# [Task brief]
Would you copy each line of the data below that has "ezdxf"?

# [Available data]
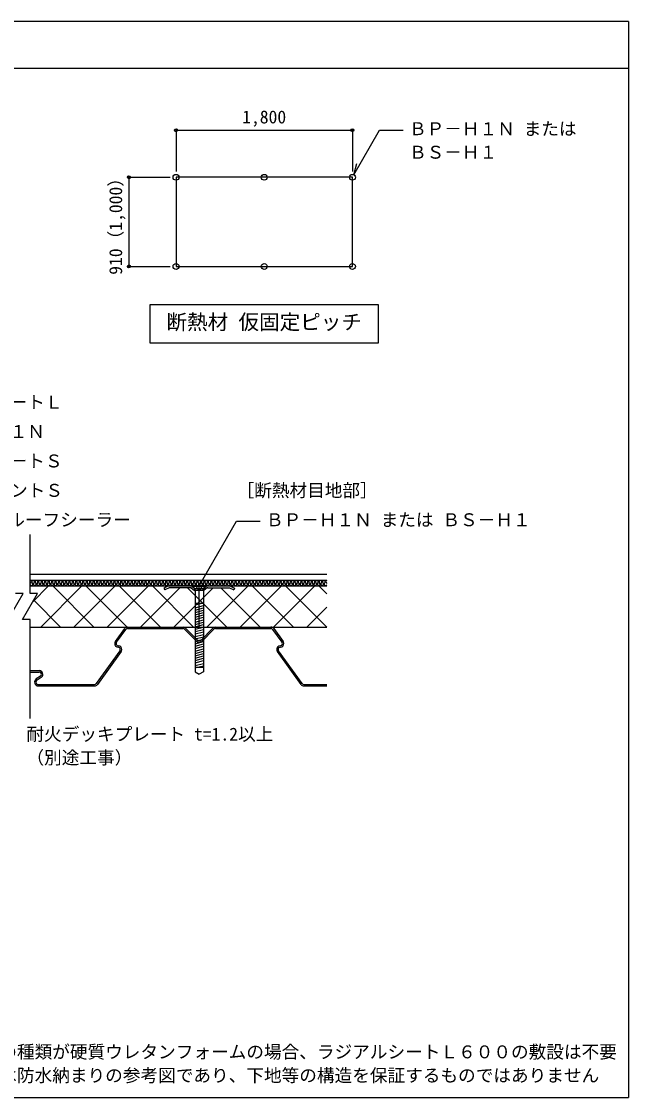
# Model space of a CAD drawing. Units: millimetres, scale not verified, with parts at other scales. Extents: x -665 to 665, y -465 to 450.
# Drawn here: x 149 to 665, y -465 to 450 of the extents above; entities that cross this region are included whole.
import ezdxf
from ezdxf.enums import TextEntityAlignment as Align

# ---------------------------------------------------------------- set-up
doc = ezdxf.new("R2010")
doc.units = ezdxf.units.MM
doc.header["$LTSCALE"] = 5
doc.header["$PDMODE"] = 32
doc.header["$PDSIZE"] = 2.5
doc.linetypes.add('DASHED3', pattern=[4, 3, -1])
for name, color, linetype in [('0-1_線色１（水色）', 4, 'Continuous'), ('0-2_線色２（白）', 7, 'Continuous'), ('0-4_線色４（黄）', 2, 'Continuous'), ('0-5_金属', 7, 'Continuous'), ('0-6_鋼板・アングル', 2, 'Continuous'), ('0-7_ビス', 4, 'Continuous'), ('0-A_文字', 7, 'Continuous'), ('0-D_断熱・ハッチ', 4, 'Continuous'), ('1-2_線色２（白）', 7, 'Continuous'), ('1-7_ビス', 2, 'Continuous'), ('1-A_文字', 7, 'Continuous'), ('1-B_寸法', 7, 'Continuous'), ('F-0', 134, 'Continuous')]:
    doc.layers.add(name, color=color, linetype=linetype)
doc.styles.add('ＭＳ ゴシック', font='')
doc.styles.get('ＭＳ ゴシック').set_extended_font_data('MS Gothic')

msp = doc.modelspace()

# ---------------------------------------------------------------- linework, layer by layer
at = {"layer": '0-1_線色１（水色）'}
for centre, start, end in [((155.777, -26.519), 307.52351, 73.26919), ((158.721, -26.519), 307.52351, 232.47649), ((161.665, -26.519), 307.52351, 232.47649), ((164.609, -26.519), 307.52351, 232.47649), ((167.553, -26.519), 307.52351, 232.47649), ((170.496, -26.519), 307.52351, 232.47649), ((173.44, -26.519), 307.52351, 232.47649), ((176.384, -26.519), 307.52351, 232.47649), ((179.328, -26.519), 307.52351, 232.47649), ((182.272, -26.519), 307.52351, 232.47649), ((185.216, -26.519), 307.52351, 232.47649), ((188.16, -26.519), 307.52351, 232.47649), ((191.104, -26.519), 307.52351, 232.47649), ((194.048, -26.519), 307.52351, 232.47649), ((196.992, -26.519), 307.52351, 232.47649), ((199.936, -26.519), 307.52351, 232.47649), ((202.88, -26.519), 307.52351, 232.47649), ((205.823, -26.519), 307.52351, 232.47649), ((208.767, -26.519), 307.52351, 232.47649), ((211.711, -26.519), 307.52351, 232.47649), ((214.655, -26.519), 307.52351, 232.47649), ((217.599, -26.519), 307.52351, 232.47649), ((220.543, -26.519), 307.52351, 232.47649), ((223.487, -26.519), 307.52351, 232.47649), ((226.431, -26.519), 307.52351, 232.47649), ((229.375, -26.519), 307.52351, 232.47649), ((232.319, -26.519), 307.52351, 232.47649), ((235.263, -26.519), 307.52351, 232.47649), ((238.207, -26.519), 307.52351, 232.47649), ((241.151, -26.519), 307.52351, 232.47649), ((244.094, -26.519), 307.52351, 232.47649), ((247.038, -26.519), 307.52351, 232.47649), ((249.982, -26.519), 307.52351, 232.47649), ((252.926, -26.519), 307.52351, 232.47649), ((255.87, -26.519), 307.52351, 232.47649), ((258.814, -26.519), 307.52351, 232.47649), ((261.758, -26.519), 307.52351, 232.47649), ((264.702, -26.519), 307.52351, 232.47649), ((267.646, -26.519), 307.52351, 232.47649), ((270.59, -26.519), 307.52351, 232.47649), ((273.534, -26.519), 307.52351, 232.47649), ((276.478, -26.519), 307.52351, 232.47649), ((279.422, -26.519), 307.52351, 232.47649), ((282.365, -26.519), 307.52351, 232.47649), ((285.309, -26.519), 307.52351, 232.47649), ((288.253, -26.519), 307.52351, 232.47649), ((291.197, -26.519), 307.52351, 232.47649), ((294.141, -26.519), 307.52351, 232.47649), ((297.085, -26.519), 307.52351, 232.47649), ((300.029, -26.519), 307.52351, 232.47649), ((302.973, -26.519), 307.52351, 232.47649), ((305.917, -26.519), 307.52351, 232.47649), ((308.861, -26.519), 307.52351, 232.47649), ((311.805, -26.519), 307.52351, 232.47649), ((314.749, -26.519), 307.52351, 232.47649), ((317.692, -26.519), 307.52351, 232.47649), ((320.636, -26.519), 307.52351, 232.47649), ((323.58, -26.519), 307.52351, 232.47649), ((326.524, -26.519), 307.52351, 232.47649), ((329.468, -26.519), 307.52351, 232.47649), ((332.412, -26.519), 307.52351, 232.47649), ((335.356, -26.519), 307.52351, 232.47649), ((338.3, -26.519), 307.52351, 232.47649), ((341.244, -26.519), 307.52351, 232.47649), ((344.188, -26.519), 307.52351, 232.47649), ((347.132, -26.519), 307.52351, 232.47649), ((350.076, -26.519), 307.52351, 232.47649), ((353.02, -26.519), 307.52351, 232.47649), ((355.963, -26.519), 307.52351, 232.47649), ((358.907, -26.519), 307.52351, 232.47649), ((361.851, -26.519), 307.52351, 232.47649), ((364.795, -26.519), 307.52351, 232.47649), ((367.739, -26.519), 307.52351, 232.47649), ((370.683, -26.519), 307.52351, 232.47649), ((373.627, -26.519), 307.52351, 232.47649), ((376.571, -26.519), 307.52351, 232.47649), ((379.515, -26.519), 307.52351, 232.47649), ((382.459, -26.519), 307.52351, 232.47649), ((385.403, -26.519), 307.52351, 232.47649), ((388.347, -26.519), 307.52351, 232.47649), ((391.29, -26.519), 307.52351, 232.47649), ((394.234, -26.519), 307.52351, 232.47649), ((397.178, -26.519), 307.52351, 232.47649), ((400.122, -26.519), 307.52351, 232.47649), ((403.066, -26.519), 307.52351, 232.47649), ((406.01, -26.519), 307.52351, 232.47649), ((408.954, -26.519), 111.1711, 232.47649), ((157.249, -28.435), 201.51863, 52.47649), ((157.249, -28.435), 127.52351, 158.48137), ((160.193, -28.435), 127.52351, 52.47649), ((163.137, -28.435), 127.52351, 52.47649), ((166.081, -28.435), 127.52351, 52.47649), ((169.024, -28.435), 127.52351, 52.47649), ((171.968, -28.435), 127.52351, 52.47649), ((174.912, -28.435), 127.52351, 52.47649), ((177.856, -28.435), 127.52351, 52.47649), ((180.8, -28.435), 127.52351, 52.47649), ((183.744, -28.435), 127.52351, 52.47649), ((186.688, -28.435), 127.52351, 52.47649), ((189.632, -28.435), 127.52351, 52.47649), ((192.576, -28.435), 127.52351, 52.47649), ((195.52, -28.435), 127.52351, 52.47649), ((198.464, -28.435), 127.52351, 52.47649), ((201.408, -28.435), 127.52351, 52.47649), ((204.352, -28.435), 127.52351, 52.47649), ((207.295, -28.435), 127.52351, 52.47649), ((210.239, -28.435), 127.52351, 52.47649), ((213.183, -28.435), 127.52351, 52.47649), ((216.127, -28.435), 127.52351, 52.47649), ((219.071, -28.435), 127.52351, 52.47649), ((222.015, -28.435), 127.52351, 52.47649), ((224.959, -28.435), 127.52351, 52.47649), ((227.903, -28.435), 127.52351, 52.47649), ((230.847, -28.435), 127.52351, 52.47649), ((233.791, -28.435), 127.52351, 52.47649), ((236.735, -28.435), 127.52351, 52.47649), ((239.679, -28.435), 127.52351, 52.47649), ((242.622, -28.435), 127.52351, 52.47649), ((245.566, -28.435), 127.52351, 52.47649), ((248.51, -28.435), 127.52351, 52.47649), ((251.454, -28.435), 127.52351, 52.47649), ((254.398, -28.435), 127.52351, 52.47649), ((257.342, -28.435), 127.52351, 52.47649), ((260.286, -28.435), 127.52351, 52.47649), ((263.23, -28.435), 127.52351, 52.47649), ((266.174, -28.435), 127.52351, 52.47649), ((269.118, -28.435), 127.52351, 52.47649), ((272.062, -28.435), 127.52351, 52.47649), ((275.006, -28.435), 127.52351, 52.47649), ((277.95, -28.435), 127.52351, 52.47649), ((280.893, -28.435), 127.52351, 52.47649), ((283.837, -28.435), 127.52351, 52.47649), ((286.781, -28.435), 127.52351, 52.47649), ((289.725, -28.435), 127.52351, 52.47649), ((292.669, -28.435), 127.52351, 52.47649), ((295.613, -28.435), 127.52351, 52.47649), ((298.557, -28.435), 127.52351, 52.47649), ((301.501, -28.435), 127.52351, 52.47649), ((304.445, -28.435), 127.52351, 52.47649), ((307.389, -28.435), 127.52351, 52.47649), ((310.333, -28.435), 127.52351, 52.47649), ((313.277, -28.435), 127.52351, 52.47649), ((316.221, -28.435), 127.52351, 52.47649), ((319.164, -28.435), 127.52351, 52.47649), ((322.108, -28.435), 127.52351, 52.47649), ((325.052, -28.435), 127.52351, 52.47649), ((327.996, -28.435), 127.52351, 52.47649), ((330.94, -28.435), 127.52351, 52.47649), ((333.884, -28.435), 127.52351, 52.47649), ((336.828, -28.435), 127.52351, 52.47649), ((339.772, -28.435), 127.52351, 52.47649), ((342.716, -28.435), 127.52351, 52.47649), ((345.66, -28.435), 127.52351, 52.47649), ((348.604, -28.435), 127.52351, 52.47649), ((351.548, -28.435), 127.52351, 52.47649), ((354.491, -28.435), 127.52351, 52.47649), ((357.435, -28.435), 127.52351, 52.47649), ((360.379, -28.435), 127.52351, 52.47649), ((363.323, -28.435), 127.52351, 52.47649), ((366.267, -28.435), 127.52351, 52.47649), ((369.211, -28.435), 127.52351, 52.47649), ((372.155, -28.435), 127.52351, 52.47649), ((375.099, -28.435), 127.52351, 52.47649), ((378.043, -28.435), 127.52351, 52.47649), ((380.987, -28.435), 127.52351, 52.47649), ((383.931, -28.435), 127.52351, 52.47649), ((386.875, -28.435), 127.52351, 52.47649), ((389.819, -28.435), 127.52351, 52.47649), ((392.762, -28.435), 127.52351, 52.47649), ((395.706, -28.435), 127.52351, 52.47649), ((398.65, -28.435), 127.52351, 52.47649), ((401.594, -28.435), 127.52351, 52.47649), ((404.538, -28.435), 127.52351, 52.47649), ((407.482, -28.435), 127.52351, 328.98357), ((407.482, -28.435), 31.01643, 52.47649)]:
    msp.add_arc(centre, 1.208, start, end, dxfattribs=at)
at = {"layer": '0-2_線色２（白）'}
for p, q in [((156.125, -36.415), (156.125, 13.742)), ((156.125, -24.977), (408.518, -24.977)), ((137.488, -58.539), (150.261, -36.415)), ((150.261, -36.415), (143.875, -36.415)), ((149.738, -58.539), (162.511, -36.415)), ((156.125, -29.977), (408.518, -29.977)), ((162.511, -36.415), (156.125, -36.415)), ((300, -64.977), (300, -29.977)), ((156.125, -58.539), (149.738, -58.539)), ((156.125, -142.811), (156.125, -58.539)), ((156.125, -64.977), (408.518, -64.977))]:
    msp.add_line(p, q, dxfattribs=at)
at = {"layer": '0-4_線色４（黄）'}
msp.add_line((156.125, -19.977), (408.518, -19.977), dxfattribs=at)
at = {"layer": '0-5_金属'}
for p, q in [((228.71, -77.098), (236.602, -66.216)), ((229.681, -77.803), (237.573, -66.92)), ((239.031, -64.977), (286.255, -64.977)), ((239.031, -66.177), (286.255, -66.177)), ((297.875, -77.094), (287.53, -66.707)), ((298.725, -76.247), (288.38, -65.86)), ((311.621, -65.86), (301.276, -76.248)), ((312.472, -66.707), (302.126, -77.094)), ((313.747, -64.977), (360.97, -64.977)), ((313.747, -66.177), (360.97, -66.177)), ((362.427, -66.92), (370.319, -77.803)), ((363.399, -66.216), (371.291, -77.098)), ((230.953, -82.067), (231.152, -82.083)), ((231.049, -80.871), (231.248, -80.887)), ((368.753, -80.887), (368.952, -80.871)), ((368.849, -82.083), (369.048, -82.067)), ((232.523, -85.146), (212.425, -113.029)), ((233.496, -85.848), (213.398, -113.731)), ((386.602, -113.731), (366.504, -85.848)), ((387.576, -113.029), (367.478, -85.146)), ((156.125, -101.977), (163.801, -101.977)), ((156.125, -103.177), (163.801, -103.177)), ((164.893, -106.852), (161.452, -109.097)), ((165.549, -107.857), (162.108, -110.102)), ((163.201, -113.777), (210.965, -113.777)), ((163.201, -114.977), (210.935, -114.977)), ((389.036, -113.777), (408.518, -113.777)), ((389.066, -114.977), (408.518, -114.977))]:
    msp.add_line(p, q, dxfattribs=at)
for centre, radius, start, end in [((239.03, -67.977), 3, 90.0002, 144.05016), ((239.03, -67.977), 1.8, 90.00036, 144.05027), ((286.254, -67.977), 3, 44.8817, 89.99801), ((286.254, -67.977), 1.8, 44.88064, 89.99665), ((313.747, -67.977), 3, 89.99774, 135.11529), ((313.747, -67.977), 1.8, 89.99944, 135.1166), ((360.97, -67.977), 3, 35.94977, 89.99965), ((360.97, -67.977), 1.8, 35.94966, 89.99949), ((231.3, -78.977), 3.2, 144.05005, 179.99996), ((231.2, -78.977), 3.1, 180.00009, 265.41832), ((231.3, -78.977), 2, 144.05027, 179.99996), ((231.2, -78.977), 1.9, 180.00009, 265.42237), ((231, -83.977), 1.9, 0.00003, 85.41895), ((231, -83.977), 3.1, 0.00003, 85.42326), ((300, -74.977), 3, 224.88328, 315.1167), ((300, -74.977), 1.8, 224.57188, 315.1167), ((369, -83.977), 3.1, 94.57659, 179.9999), ((369, -83.977), 1.9, 94.58091, 179.9999), ((368.8, -78.977), 1.9, 274.57777, 359.99996), ((368.8, -78.977), 3.1, 274.58181, 359.99996), ((368.7, -78.977), 2, 0.00003, 35.94972), ((368.7, -78.977), 3.2, 0.00003, 35.94994), ((230.9, -83.977), 2, 323.9241, 359.99996), ((230.9, -83.977), 3.2, 324.21611, 359.99996), ((369.1, -83.977), 3.2, 180.00009, 215.78394), ((369.1, -83.977), 2, 180.00009, 216.07594), ((163.201, -111.777), 3.2, 123.11782, 269.99983), ((163.8, -105.177), 3.2, 0.00003, 89.99993), ((163.8, -105.177), 2, 0.00003, 89.99993), ((163.8, -105.177), 2, 303.11782, 359.99996), ((163.8, -105.177), 3.2, 303.11782, 359.99996), ((163.201, -111.777), 2, 123.11782, 269.99983), ((210.965, -111.977), 1.8, 269.9999, 324.216), ((210.965, -111.977), 3, 269.9999, 324.216), ((389.036, -111.977), 3, 215.78405, 270.00023), ((389.036, -111.977), 1.8, 215.78405, 270.00023)]:
    msp.add_arc(centre, radius, start, end, dxfattribs=at)
at = {"layer": '0-6_鋼板・アングル'}
for p, q in [((274.355, -31.577), (270.676, -33.292)), ((292.713, -29.977), (274, -29.977)), ((292.713, -31.577), (274.355, -31.577)), ((293.187, -31.733), (295.952, -33.766)), ((294.134, -30.443), (296.9, -32.477)), ((295.952, -33.766), (296.9, -32.477)), ((305.866, -30.443), (303.1, -32.477)), ((304.048, -33.766), (303.1, -32.477)), ((306.813, -31.733), (304.048, -33.766)), ((307.287, -29.977), (326, -29.977)), ((307.287, -31.577), (325.645, -31.577)), ((325.645, -31.577), (329.324, -33.292))]:
    msp.add_line(p, q, dxfattribs=at)
at = {"layer": '0-6_鋼板・アングル', "color": 4}
for p, q in [((292.713, -29.977), (307.287, -29.977)), ((304.048, -33.766), (295.952, -33.766)), ((303.1, -32.477), (296.9, -32.477))]:
    msp.add_line(p, q, dxfattribs=at)
at = {"layer": '0-6_鋼板・アングル'}
for points in [[(274, -29.977), (270, -31.842), (270.676, -33.292)], [(326, -29.977), (330, -31.842), (329.324, -33.292)]]:
    msp.add_lwpolyline(points, dxfattribs=at)
for centre, radius, start, end in [((292.713, -32.377), 2.4, 53.67317, 90), ((292.713, -32.377), 0.8, 53.67317, 90), ((307.287, -32.377), 2.4, 90, 126.32683), ((307.287, -32.377), 0.8, 90, 126.32683)]:
    msp.add_arc(centre, radius, start, end, dxfattribs=at)
at = {"layer": '0-7_ビス', "color": 7}
for p, q in [((306, -29.977), (294, -29.977)), ((294, -30.362), (294, -29.977)), ((295.914, -32.276), (294, -30.362)), ((306, -30.362), (294, -30.362)), ((303.5, -33.977), (296.5, -33.977)), ((304.086, -32.276), (306, -30.362)), ((306, -30.362), (306, -29.977)), ((303.5, -44.977), (296.5, -44.977)), ((303.5, -99.477), (296.5, -99.477))]:
    msp.add_line(p, q, dxfattribs=at)
at = {"layer": '0-7_ビス', "color": 7, "linetype": 'DASHED3'}
for p, q in [((298.533, -32.526), (297.45, -29.977)), ((301.467, -32.526), (302.55, -29.977))]:
    msp.add_line(p, q, dxfattribs=at)
at = {"layer": '0-7_ビス'}
for p, q in [((296.5, -46.177), (300.978, -44.977)), ((296.5, -48.483), (303.5, -46.607)), ((296.5, -50.483), (303.5, -48.607)), ((296.5, -52.483), (303.5, -50.607)), ((296.5, -54.483), (303.5, -52.607)), ((296.5, -56.483), (303.5, -54.607)), ((296.5, -58.483), (303.5, -56.607)), ((296.5, -60.789), (303.5, -58.914)), ((296.5, -62.789), (303.5, -60.914)), ((296.5, -64.789), (303.5, -62.914)), ((296.5, -66.789), (303.5, -64.914)), ((296.5, -68.789), (303.5, -66.914)), ((296.5, -70.789), (303.5, -68.914)), ((296.5, -73.095), (303.5, -71.22)), ((296.5, -75.095), (303.5, -73.22)), ((296.5, -77.095), (303.5, -75.22)), ((296.5, -79.095), (303.5, -77.22)), ((296.5, -81.095), (303.5, -79.22)), ((296.5, -83.095), (303.5, -81.22)), ((296.5, -85.402), (303.5, -83.526)), ((296.5, -87.402), (303.5, -85.526)), ((296.5, -89.402), (303.5, -87.526)), ((296.5, -91.402), (303.5, -89.526)), ((296.5, -93.402), (303.5, -91.526)), ((296.5, -95.402), (303.5, -93.526)), ((296.5, -97.708), (303.5, -95.832)), ((297.362, -99.477), (303.5, -97.832))]:
    msp.add_line(p, q, dxfattribs=at)
at = {"layer": '0-7_ビス', "color": 7}
for points in [[(296.5, -33.69), (296.5, -102.956), (300, -104.977)], [(303.5, -33.69), (303.5, -102.956), (300, -104.977)]]:
    msp.add_lwpolyline(points, dxfattribs=at)
for centre, start, end in [((294.5, -33.69), 0, 45), ((305.5, -33.69), 135, 180)]:
    msp.add_arc(centre, 2, start, end, dxfattribs=at)
at = {"layer": '0-7_ビス', "color": 7, "linetype": 'DASHED3'}
msp.add_arc((300, -31.416), 1.84, 217.11751, 322.88248, dxfattribs=at)
at = {"layer": '0-A_文字'}
for p, q in [((300, -29.977), (331.739, 24.996)), ((331.739, 24.996), (351.739, 24.996))]:
    msp.add_line(p, q, dxfattribs=at)
at = {"layer": '0-D_断熱・ハッチ'}
for p, q in [((158.485, -43.389), (171.897, -29.977)), ((165.181, -64.977), (200.181, -29.977)), ((175.382, -29.977), (210.382, -64.977)), ((193.466, -64.977), (228.466, -29.977)), ((203.666, -29.977), (238.666, -64.977)), ((221.75, -64.977), (256.75, -29.977)), ((231.951, -29.977), (266.951, -64.977)), ((250.034, -64.977), (283.434, -31.577)), ((260.235, -29.977), (295.235, -64.977)), ((278.318, -64.977), (311.718, -31.577)), ((290.119, -31.577), (323.519, -64.977)), ((306.603, -64.977), (341.603, -29.977)), ((318.403, -31.577), (351.803, -64.977)), ((334.887, -64.977), (369.887, -29.977)), ((345.088, -29.977), (380.088, -64.977)), ((363.171, -64.977), (398.171, -29.977)), ((373.372, -29.977), (408.372, -64.977)), ((401.656, -29.977), (408.518, -36.838)), ((159.226, -42.105), (182.098, -64.977)), ((391.455, -64.977), (408.518, -47.915))]:
    msp.add_line(p, q, dxfattribs=at)
at = {"layer": '1-2_線色２（白）'}
for p, q in [((430.263, 317.543), (280.263, 317.543)), ((430.263, 241.709), (430.263, 317.543))]:
    msp.add_line(p, q, dxfattribs=at)
msp.add_lwpolyline([(280.263, 317.543), (280.263, 241.709), (430.263, 241.709)], dxfattribs=at)
at = {"layer": '1-7_ビス'}
for centre in [(280.263, 317.543), (355.263, 317.543), (430.263, 317.543), (280.263, 241.709), (355.263, 241.709), (430.263, 241.709)]:
    msp.add_circle(centre, 2.5, dxfattribs=at)
at = {"layer": '1-A_文字'}
for p, q in [((431.513, 319.708), (453.357, 357.543)), ((453.357, 357.543), (473.357, 357.543)), ((431.513, 319.708), (434.101, 329.367))]:
    msp.add_line(p, q, dxfattribs=at)
at = {"layer": '1-A_文字', "color": 3}
msp.add_lwpolyline([(452.56, 209.209), (257.965, 209.209), (257.965, 176.709), (452.56, 176.709)], close=True, dxfattribs=at)
at = {"layer": '1-B_寸法'}
for p, q in [((280.263, 357.543), (430.263, 357.543)), ((280.263, 357.543), (280.263, 322.543)), ((430.263, 357.543), (430.263, 322.543)), ((240.263, 317.543), (275.263, 317.543)), ((240.263, 317.543), (240.263, 241.709)), ((240.263, 241.709), (275.263, 241.709))]:
    msp.add_line(p, q, dxfattribs=at)
at = {"layer": '1-B_寸法', "color": 1}
for p in [(280.263, 357.543), (430.263, 357.543), (240.263, 317.543), (240.263, 241.709)]:
    msp.add_point(p, dxfattribs=at)
at = {"layer": 'F-0'}
for p, q in [((665, 450), (-665, 450)), ((665, 450), (665, -465)), ((-665, -465), (665, -465))]:
    msp.add_line(p, q, dxfattribs=at)
at = {"layer": 'F-0', "color": 6}
msp.add_line((665, 410), (-665, 410), dxfattribs=at)

# ---------------------------------------------------------------- texts
at = {"layer": '0-A_文字', "style": 'ＭＳ ゴシック'}
for s, p in [('補強用シートＬ', (78.789, 117.496)), ('ＢＰ－Ｈ１Ｎ', (78.789, 92.496)), ('補強用シートＳ', (78.789, 67.496)), ('ロンシーラントＳ', (64.138, 42.496)), ('［断熱材目地部］', (331.739, 42.496)), ('プルーフシーラー', (121.788, 17.496)), ('ＢＰ－Ｈ１Ｎ または ＢＳ－Ｈ１', (356.739, 17.496)), ('耐火デッキプレート t=1.2以上', (153.052, -164.795)), ('（別途工事）', (153.052, -184.795)), ('※ 断熱材の種類が硬質ウレタンフォームの場合、ラジアルシートＬ６００の敷設は不要', (62.5, -435)), ('※ 本図面は防水納まりの参考図であり、下地等の構造を保証するものではありません', (62.5, -455))]:
    msp.add_text(s, height=11, dxfattribs=at).set_placement(p, align=Align.BOTTOM_LEFT)
at = {"layer": '1-A_文字', "style": 'ＭＳ ゴシック'}
for s, height, p in [('ＢＰ－Ｈ１Ｎ または', 11, (478.357, 350.043)), ('ＢＳ－Ｈ１', 11, (478.357, 330.043)), ('断熱材 仮固定ピッチ', 12.83, (272.138, 184.209))]:
    msp.add_text(s, height=height, dxfattribs=at).set_placement(p, align=Align.BOTTOM_LEFT)
at = {"layer": '1-B_寸法', "style": 'ＭＳ ゴシック'}
msp.add_text('1,800', height=11, dxfattribs=at).set_placement((336.513, 360.043), align=Align.BOTTOM_LEFT)
msp.add_text('910（1,000）', height=11, rotation=90, dxfattribs=at).set_placement((237.763, 234.626), align=Align.BOTTOM_LEFT)

doc.saveas('drawing.dxf')

# [Exercise solution]
import ezdxf
from ezdxf.enums import TextEntityAlignment as Align
doc = ezdxf.new("R2010")
doc.units = ezdxf.units.MM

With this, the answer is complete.